We propose a scheme that drastically improves the efficiency of Widom's particle insertion method by efficiently sampling cavities while calculating the integrals providing the chemical potentials of a physical system. This idea enables us to calculate chemical potentials of liquids directly from first-principles without the help of any reference system, which is necessary in the commonly used thermodynamic integration method. As an example, we apply our scheme, combined with the density functional formalism, to the calculation of the chemical potential of liquid copper. The calculated chemical potential is further used to locate the melting temperature. The calculated results closely agree with experiments.
We propose the small-cell coexistence method based on the statistical analysis of small-size coexistence MD simulations. It eliminates the risk of a metastable superheated solid in the fast-heating method, while also significantly reducing the computer cost relative to the traditional large-scale coexistence method. Using empirical potentials, we validate the method and systematically study the finite-size effect on the calculated melting points. The method converges to the exact result in the limit of a large system size. An accuracy within 100 K in melting temperature is usually achieved when the simulation contains more than 100 atoms. DFT examples of Tantalum, high-pressure Sodium, and ionic material NaCl are shown to demonstrate the accuracy and flexibility of the method in its practical applications. The method serves as a promising approach for large-scale automated material screening in which the melting temperature is a design criterion.

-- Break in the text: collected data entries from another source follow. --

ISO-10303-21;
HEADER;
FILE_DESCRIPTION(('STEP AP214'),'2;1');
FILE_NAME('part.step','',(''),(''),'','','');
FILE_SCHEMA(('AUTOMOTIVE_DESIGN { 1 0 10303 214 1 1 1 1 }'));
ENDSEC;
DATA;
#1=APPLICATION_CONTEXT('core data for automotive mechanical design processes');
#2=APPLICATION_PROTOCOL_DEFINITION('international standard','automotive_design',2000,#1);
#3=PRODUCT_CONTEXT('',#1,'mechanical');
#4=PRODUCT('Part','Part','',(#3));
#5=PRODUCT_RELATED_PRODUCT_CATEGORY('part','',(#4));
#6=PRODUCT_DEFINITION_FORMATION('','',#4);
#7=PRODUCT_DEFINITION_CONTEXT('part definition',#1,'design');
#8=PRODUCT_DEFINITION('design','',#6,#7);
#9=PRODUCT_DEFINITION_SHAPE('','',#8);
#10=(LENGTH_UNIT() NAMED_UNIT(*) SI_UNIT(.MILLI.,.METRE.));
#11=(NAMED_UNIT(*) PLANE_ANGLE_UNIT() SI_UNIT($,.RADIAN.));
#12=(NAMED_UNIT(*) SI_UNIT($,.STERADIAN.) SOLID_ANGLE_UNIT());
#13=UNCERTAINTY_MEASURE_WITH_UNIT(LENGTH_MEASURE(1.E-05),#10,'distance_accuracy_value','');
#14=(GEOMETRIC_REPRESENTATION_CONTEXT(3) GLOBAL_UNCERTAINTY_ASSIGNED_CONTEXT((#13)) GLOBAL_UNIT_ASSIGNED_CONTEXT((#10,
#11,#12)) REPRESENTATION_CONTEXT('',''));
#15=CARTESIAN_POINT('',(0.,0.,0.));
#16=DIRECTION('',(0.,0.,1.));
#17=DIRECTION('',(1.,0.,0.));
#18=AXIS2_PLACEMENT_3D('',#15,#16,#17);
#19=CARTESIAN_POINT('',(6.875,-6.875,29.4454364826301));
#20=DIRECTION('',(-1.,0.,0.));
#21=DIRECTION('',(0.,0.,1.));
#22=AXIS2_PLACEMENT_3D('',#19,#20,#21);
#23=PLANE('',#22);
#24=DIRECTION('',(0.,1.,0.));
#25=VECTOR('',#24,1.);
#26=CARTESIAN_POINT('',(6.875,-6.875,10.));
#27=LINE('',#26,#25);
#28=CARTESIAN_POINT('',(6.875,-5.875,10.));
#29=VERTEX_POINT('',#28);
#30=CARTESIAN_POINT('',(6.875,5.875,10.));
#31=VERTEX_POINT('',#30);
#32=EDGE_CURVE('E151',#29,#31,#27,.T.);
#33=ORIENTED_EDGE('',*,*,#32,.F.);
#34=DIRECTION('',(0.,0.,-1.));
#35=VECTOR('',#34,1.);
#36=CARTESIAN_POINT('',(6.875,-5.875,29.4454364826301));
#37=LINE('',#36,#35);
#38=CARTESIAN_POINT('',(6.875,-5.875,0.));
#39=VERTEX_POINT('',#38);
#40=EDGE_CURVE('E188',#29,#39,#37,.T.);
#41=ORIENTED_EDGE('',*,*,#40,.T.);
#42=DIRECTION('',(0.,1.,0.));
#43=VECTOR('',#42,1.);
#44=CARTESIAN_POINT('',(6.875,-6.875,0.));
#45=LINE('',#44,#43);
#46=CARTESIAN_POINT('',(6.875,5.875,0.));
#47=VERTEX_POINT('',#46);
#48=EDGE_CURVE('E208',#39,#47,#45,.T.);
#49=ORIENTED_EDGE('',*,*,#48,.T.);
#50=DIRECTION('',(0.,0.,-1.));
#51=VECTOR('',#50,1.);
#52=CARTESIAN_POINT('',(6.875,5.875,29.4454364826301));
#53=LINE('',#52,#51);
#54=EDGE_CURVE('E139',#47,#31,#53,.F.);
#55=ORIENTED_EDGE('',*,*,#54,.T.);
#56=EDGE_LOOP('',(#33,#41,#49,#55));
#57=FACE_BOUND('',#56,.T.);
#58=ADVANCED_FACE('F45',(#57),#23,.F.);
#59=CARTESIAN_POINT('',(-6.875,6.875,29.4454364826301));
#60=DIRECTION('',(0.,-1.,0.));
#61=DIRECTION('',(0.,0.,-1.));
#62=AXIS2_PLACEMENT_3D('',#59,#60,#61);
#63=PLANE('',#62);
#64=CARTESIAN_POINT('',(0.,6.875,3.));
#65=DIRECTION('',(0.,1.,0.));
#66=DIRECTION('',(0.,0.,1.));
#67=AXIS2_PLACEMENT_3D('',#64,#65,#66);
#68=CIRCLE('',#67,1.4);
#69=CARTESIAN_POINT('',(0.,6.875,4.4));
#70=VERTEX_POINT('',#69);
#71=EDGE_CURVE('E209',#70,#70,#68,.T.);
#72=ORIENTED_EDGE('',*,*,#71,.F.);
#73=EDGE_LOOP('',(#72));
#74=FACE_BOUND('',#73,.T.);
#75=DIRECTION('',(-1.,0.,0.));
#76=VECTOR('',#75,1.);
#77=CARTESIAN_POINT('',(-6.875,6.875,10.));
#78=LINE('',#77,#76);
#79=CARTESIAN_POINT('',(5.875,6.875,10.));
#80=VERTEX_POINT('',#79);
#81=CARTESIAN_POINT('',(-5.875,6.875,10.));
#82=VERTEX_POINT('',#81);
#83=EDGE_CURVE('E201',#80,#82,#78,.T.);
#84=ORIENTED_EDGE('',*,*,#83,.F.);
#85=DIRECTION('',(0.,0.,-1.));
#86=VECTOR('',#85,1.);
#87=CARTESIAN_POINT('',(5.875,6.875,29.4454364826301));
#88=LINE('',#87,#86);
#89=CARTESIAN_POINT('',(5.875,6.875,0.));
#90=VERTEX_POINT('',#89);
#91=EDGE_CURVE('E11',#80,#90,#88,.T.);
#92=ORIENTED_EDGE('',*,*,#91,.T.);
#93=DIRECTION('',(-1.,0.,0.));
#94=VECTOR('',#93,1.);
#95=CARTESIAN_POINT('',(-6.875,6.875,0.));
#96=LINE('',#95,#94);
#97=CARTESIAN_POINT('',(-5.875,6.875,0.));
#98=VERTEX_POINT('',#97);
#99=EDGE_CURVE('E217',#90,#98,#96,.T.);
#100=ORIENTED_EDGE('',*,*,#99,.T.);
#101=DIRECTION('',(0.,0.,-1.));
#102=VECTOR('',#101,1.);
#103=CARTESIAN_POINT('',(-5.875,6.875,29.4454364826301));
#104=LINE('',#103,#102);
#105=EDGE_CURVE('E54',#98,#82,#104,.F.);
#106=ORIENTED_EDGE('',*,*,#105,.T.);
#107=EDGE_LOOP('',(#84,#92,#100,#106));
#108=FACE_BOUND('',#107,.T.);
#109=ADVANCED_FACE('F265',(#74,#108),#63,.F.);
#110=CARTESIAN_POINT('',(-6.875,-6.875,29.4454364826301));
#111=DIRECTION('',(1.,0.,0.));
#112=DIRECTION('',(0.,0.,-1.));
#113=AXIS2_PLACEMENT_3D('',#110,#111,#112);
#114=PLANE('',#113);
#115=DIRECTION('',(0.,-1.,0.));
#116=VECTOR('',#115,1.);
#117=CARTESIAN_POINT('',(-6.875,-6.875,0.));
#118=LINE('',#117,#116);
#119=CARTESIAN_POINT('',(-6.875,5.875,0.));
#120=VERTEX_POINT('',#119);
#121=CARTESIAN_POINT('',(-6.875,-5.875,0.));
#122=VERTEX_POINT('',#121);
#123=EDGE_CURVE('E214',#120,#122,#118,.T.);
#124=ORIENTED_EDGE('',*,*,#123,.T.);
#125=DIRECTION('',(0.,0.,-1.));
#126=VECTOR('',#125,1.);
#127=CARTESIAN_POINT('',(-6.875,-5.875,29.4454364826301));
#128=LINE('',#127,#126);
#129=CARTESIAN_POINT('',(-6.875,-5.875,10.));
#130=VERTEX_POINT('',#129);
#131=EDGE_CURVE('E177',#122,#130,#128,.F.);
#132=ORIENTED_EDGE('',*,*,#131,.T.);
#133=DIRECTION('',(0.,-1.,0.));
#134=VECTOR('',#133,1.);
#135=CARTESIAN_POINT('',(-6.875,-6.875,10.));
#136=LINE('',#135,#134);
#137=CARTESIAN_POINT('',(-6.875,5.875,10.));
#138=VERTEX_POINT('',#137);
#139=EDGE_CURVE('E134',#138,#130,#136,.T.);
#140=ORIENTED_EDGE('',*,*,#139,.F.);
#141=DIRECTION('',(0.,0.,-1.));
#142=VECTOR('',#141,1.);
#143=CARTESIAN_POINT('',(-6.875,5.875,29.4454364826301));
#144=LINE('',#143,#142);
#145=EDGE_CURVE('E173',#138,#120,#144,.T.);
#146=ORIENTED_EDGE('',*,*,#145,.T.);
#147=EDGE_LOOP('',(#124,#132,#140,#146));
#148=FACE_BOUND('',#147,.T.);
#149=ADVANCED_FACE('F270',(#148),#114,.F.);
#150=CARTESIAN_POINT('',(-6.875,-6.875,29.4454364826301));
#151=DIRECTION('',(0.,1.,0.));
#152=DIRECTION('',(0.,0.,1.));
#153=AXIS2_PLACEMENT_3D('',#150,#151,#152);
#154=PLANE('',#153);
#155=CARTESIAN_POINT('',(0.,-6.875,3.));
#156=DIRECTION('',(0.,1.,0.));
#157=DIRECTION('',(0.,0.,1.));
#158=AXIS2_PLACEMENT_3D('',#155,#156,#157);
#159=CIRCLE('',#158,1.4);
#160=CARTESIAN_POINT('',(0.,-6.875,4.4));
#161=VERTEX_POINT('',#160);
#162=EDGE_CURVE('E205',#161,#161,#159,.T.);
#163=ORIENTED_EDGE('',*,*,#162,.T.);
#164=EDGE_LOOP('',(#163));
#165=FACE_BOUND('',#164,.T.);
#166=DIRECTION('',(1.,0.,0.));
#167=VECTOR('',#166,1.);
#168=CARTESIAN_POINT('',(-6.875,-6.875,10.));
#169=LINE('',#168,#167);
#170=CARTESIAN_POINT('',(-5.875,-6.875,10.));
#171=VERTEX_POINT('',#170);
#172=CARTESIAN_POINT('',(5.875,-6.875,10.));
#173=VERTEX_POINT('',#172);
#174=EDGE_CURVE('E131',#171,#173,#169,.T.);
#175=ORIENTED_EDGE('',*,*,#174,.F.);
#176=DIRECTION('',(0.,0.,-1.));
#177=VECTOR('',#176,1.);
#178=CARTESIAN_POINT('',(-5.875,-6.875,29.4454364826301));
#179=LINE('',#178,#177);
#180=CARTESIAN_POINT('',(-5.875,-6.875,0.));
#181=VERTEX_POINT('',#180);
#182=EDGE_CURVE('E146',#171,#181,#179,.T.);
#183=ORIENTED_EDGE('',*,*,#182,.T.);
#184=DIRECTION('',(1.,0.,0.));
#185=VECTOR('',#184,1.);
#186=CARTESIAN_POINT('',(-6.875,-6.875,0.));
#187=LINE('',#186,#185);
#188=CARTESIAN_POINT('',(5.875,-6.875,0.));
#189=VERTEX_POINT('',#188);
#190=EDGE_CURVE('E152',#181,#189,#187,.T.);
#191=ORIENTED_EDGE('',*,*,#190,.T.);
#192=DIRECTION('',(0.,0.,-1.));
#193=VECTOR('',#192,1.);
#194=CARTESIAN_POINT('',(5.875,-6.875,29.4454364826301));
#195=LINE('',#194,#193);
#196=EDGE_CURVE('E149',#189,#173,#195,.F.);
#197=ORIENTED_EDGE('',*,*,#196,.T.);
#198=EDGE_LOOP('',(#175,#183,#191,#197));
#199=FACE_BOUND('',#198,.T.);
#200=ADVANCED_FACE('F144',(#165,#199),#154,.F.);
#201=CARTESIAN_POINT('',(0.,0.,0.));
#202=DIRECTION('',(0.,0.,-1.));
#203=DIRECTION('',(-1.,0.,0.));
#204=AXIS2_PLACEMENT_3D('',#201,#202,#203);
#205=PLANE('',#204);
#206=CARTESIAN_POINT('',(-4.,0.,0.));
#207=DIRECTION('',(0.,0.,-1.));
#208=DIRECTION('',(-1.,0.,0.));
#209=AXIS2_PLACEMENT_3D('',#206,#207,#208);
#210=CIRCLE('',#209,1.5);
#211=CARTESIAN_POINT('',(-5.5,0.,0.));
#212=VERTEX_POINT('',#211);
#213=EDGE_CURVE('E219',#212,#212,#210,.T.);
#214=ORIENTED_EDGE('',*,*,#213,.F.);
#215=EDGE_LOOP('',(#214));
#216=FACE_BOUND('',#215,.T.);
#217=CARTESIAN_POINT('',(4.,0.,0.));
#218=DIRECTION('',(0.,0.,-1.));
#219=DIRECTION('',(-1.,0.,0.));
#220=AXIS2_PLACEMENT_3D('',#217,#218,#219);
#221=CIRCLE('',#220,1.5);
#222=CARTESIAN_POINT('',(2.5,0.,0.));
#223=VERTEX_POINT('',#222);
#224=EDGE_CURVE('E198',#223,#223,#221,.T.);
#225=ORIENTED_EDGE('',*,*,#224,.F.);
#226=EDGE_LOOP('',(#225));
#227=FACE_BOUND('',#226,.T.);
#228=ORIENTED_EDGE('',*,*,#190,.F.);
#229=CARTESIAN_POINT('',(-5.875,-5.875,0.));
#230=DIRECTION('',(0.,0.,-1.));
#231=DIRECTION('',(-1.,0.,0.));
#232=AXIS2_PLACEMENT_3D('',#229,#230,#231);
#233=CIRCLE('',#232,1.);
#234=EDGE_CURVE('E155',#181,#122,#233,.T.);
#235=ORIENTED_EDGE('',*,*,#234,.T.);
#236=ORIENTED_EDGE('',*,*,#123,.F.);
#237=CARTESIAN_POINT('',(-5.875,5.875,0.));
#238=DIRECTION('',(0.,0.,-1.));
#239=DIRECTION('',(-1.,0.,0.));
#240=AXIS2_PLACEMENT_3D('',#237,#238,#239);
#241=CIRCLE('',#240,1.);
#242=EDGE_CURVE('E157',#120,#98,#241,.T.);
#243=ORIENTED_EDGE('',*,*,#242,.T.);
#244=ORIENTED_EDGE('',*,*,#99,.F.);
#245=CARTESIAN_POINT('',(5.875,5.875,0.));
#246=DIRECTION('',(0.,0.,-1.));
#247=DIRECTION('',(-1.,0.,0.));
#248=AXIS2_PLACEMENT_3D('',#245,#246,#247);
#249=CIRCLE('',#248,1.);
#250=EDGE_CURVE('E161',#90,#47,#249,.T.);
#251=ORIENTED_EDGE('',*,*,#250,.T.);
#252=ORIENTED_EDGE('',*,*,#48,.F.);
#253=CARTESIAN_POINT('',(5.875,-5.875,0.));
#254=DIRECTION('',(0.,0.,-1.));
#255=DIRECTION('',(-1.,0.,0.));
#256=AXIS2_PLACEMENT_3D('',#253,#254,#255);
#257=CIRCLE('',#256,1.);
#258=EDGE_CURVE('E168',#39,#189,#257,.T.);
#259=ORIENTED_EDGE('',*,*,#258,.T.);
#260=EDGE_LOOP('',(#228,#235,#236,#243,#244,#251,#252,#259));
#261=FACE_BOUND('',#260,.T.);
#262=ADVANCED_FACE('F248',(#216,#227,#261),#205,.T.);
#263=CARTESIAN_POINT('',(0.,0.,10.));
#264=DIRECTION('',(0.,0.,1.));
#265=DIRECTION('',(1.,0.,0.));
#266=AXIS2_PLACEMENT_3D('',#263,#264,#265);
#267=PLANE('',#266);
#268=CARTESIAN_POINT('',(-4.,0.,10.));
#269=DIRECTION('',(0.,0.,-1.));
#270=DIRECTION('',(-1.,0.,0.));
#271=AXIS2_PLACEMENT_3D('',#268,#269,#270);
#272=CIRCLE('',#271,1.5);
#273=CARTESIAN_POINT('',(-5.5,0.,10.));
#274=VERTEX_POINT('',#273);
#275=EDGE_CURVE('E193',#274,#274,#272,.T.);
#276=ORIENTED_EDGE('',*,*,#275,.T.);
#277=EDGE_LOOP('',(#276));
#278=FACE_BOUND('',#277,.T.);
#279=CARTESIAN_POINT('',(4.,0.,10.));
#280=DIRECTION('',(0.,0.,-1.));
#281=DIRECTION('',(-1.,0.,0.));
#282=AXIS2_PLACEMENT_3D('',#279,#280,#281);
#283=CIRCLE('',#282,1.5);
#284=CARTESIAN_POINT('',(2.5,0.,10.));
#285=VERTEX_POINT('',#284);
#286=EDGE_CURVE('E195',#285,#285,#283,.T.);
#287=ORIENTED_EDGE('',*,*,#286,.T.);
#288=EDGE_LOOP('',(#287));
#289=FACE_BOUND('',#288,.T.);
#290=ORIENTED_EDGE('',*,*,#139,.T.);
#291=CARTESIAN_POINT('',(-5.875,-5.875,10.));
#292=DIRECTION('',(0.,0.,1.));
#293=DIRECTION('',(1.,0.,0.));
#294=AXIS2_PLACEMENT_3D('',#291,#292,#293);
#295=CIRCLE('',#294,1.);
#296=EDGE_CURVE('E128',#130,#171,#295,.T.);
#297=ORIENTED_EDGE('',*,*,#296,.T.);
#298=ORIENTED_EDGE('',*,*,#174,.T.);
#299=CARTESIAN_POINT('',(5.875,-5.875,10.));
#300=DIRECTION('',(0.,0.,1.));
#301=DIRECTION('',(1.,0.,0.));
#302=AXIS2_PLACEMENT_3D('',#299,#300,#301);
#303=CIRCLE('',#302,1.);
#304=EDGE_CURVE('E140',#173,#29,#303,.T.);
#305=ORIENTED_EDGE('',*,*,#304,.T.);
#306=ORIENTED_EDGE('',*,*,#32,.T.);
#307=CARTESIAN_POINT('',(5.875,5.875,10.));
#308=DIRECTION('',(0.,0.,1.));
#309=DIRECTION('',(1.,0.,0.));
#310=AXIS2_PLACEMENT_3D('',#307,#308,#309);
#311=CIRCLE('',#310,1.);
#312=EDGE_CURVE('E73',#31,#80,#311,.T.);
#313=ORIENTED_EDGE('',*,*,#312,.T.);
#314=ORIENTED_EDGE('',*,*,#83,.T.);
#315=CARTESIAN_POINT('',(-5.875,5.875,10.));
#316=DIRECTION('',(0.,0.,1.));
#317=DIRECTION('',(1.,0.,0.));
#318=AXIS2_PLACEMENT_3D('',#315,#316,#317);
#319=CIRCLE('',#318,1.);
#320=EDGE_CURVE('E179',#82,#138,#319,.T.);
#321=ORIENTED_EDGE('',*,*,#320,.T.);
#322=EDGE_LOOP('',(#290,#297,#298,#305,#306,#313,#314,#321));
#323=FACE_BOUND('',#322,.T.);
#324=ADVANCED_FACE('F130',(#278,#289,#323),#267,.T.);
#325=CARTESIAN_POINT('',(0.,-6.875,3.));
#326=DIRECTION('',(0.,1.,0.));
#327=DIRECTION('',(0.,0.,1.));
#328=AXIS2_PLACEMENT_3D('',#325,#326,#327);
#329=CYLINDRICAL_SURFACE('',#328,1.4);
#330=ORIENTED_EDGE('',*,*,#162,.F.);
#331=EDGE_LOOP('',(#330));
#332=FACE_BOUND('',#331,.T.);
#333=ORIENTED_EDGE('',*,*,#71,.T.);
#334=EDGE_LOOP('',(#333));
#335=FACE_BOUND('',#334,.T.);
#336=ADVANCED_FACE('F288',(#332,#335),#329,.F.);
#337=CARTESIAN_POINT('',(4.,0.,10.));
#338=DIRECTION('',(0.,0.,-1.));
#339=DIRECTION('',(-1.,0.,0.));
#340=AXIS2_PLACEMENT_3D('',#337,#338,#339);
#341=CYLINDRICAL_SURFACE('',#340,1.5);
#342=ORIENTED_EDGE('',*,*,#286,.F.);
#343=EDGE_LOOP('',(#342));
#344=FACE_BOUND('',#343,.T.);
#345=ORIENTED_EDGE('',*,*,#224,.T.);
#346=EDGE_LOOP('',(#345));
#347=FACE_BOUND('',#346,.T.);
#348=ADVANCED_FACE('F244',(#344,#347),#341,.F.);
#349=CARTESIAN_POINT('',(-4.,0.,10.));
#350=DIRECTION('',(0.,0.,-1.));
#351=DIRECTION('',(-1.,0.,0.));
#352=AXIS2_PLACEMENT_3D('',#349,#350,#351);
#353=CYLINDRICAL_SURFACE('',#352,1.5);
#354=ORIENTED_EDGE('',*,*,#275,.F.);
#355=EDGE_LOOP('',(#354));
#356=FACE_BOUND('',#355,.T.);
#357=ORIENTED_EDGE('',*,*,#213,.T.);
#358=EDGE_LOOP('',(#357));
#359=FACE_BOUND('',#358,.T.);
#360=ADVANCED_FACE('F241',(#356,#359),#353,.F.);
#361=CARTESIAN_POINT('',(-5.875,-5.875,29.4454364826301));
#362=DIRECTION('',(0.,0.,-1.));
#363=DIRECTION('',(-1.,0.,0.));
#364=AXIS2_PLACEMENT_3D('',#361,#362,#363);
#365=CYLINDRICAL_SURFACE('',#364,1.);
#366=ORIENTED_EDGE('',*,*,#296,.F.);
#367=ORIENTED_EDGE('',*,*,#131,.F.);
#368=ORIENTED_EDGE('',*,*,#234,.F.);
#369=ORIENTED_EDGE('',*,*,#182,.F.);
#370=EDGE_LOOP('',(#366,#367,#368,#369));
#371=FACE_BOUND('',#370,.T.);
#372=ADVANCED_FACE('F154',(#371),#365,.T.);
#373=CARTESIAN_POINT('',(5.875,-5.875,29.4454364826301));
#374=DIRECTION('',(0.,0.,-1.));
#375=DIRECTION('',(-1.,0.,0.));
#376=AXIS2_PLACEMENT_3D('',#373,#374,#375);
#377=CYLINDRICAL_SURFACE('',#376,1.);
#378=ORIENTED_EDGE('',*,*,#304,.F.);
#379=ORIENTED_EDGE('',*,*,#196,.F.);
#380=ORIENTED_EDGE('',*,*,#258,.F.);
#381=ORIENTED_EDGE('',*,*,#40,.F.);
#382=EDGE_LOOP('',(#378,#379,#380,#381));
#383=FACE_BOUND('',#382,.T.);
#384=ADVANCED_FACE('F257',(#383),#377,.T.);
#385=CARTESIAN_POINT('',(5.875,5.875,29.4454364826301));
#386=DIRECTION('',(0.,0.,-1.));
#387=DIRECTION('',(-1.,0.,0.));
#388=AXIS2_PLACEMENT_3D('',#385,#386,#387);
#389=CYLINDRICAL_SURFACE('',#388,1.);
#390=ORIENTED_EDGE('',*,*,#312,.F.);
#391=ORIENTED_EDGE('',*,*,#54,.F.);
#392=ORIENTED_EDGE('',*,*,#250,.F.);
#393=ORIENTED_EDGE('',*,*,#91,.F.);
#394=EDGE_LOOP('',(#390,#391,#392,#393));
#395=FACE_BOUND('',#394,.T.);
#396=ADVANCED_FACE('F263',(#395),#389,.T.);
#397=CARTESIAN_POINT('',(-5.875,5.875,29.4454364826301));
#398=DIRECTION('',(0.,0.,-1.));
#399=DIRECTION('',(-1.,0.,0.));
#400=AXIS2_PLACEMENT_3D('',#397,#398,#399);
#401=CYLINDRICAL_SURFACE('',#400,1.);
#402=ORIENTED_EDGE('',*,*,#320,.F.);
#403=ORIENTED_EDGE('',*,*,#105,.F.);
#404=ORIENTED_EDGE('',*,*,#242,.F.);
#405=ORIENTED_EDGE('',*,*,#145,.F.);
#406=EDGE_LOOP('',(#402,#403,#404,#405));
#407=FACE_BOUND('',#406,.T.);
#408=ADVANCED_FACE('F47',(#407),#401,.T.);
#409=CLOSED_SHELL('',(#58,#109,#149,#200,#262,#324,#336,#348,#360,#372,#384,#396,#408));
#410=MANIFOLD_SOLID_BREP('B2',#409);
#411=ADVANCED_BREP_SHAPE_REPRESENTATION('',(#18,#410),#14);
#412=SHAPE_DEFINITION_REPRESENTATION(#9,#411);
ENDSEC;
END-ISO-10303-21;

We present in detail two examples of refractory materials. First, we demonstrate how key material properties that provide guidance in the design of refractory materials can be accurately determined via ab initio thermodynamic calculations in conjunction with experimental techniques based on synchrotron X-ray diffraction and thermal analysis under laser-heated aerodynamic levitation. The properties considered include melting point, heat of fusion, heat capacity, thermal expansion coefficients, thermal stability, and sublattice disordering, as illustrated in a motivating example of lanthanum zirconate (La2Zr2O7). The close agreement with experiment in the known but structurally complex compound La2Zr2O7 provides good indication that the computation methods described can be used within a computational screening framework to identify novel refractory materials. Second, we report an extensive investigation into the melting temperatures of the Hf-C and Hf-Ta-C systems using ab initio calculations. With melting points above 4000 K, hafnium carbide (HfC) and tantalum carbide (TaC) are among the most refractory binary compounds known to date. Their mixture, with a general formula TaxHf1-xCy, is known to have a melting point of 4215 K at the composition Ta4HfC5, which has long been considered as the highest melting temperature for any solid. Very few measurements of melting point in tantalum and hafnium carbides have been documented, because of the obvious experimental difficulties at extreme temperatures. The investigation lets us identify three major chemical factors that contribute to the high melting temperatures. Based on these three factors, we propose and explore a new class of materials, which, according to our ab initio calculations, may possess even higher melting temperatures than Ta-Hf-C. This example also demonstrates the feasibility of materials screening and discovery via ab initio calculations for the optimization of "higher-level" properties whose determination requires extensive sampling of atomic configuration space.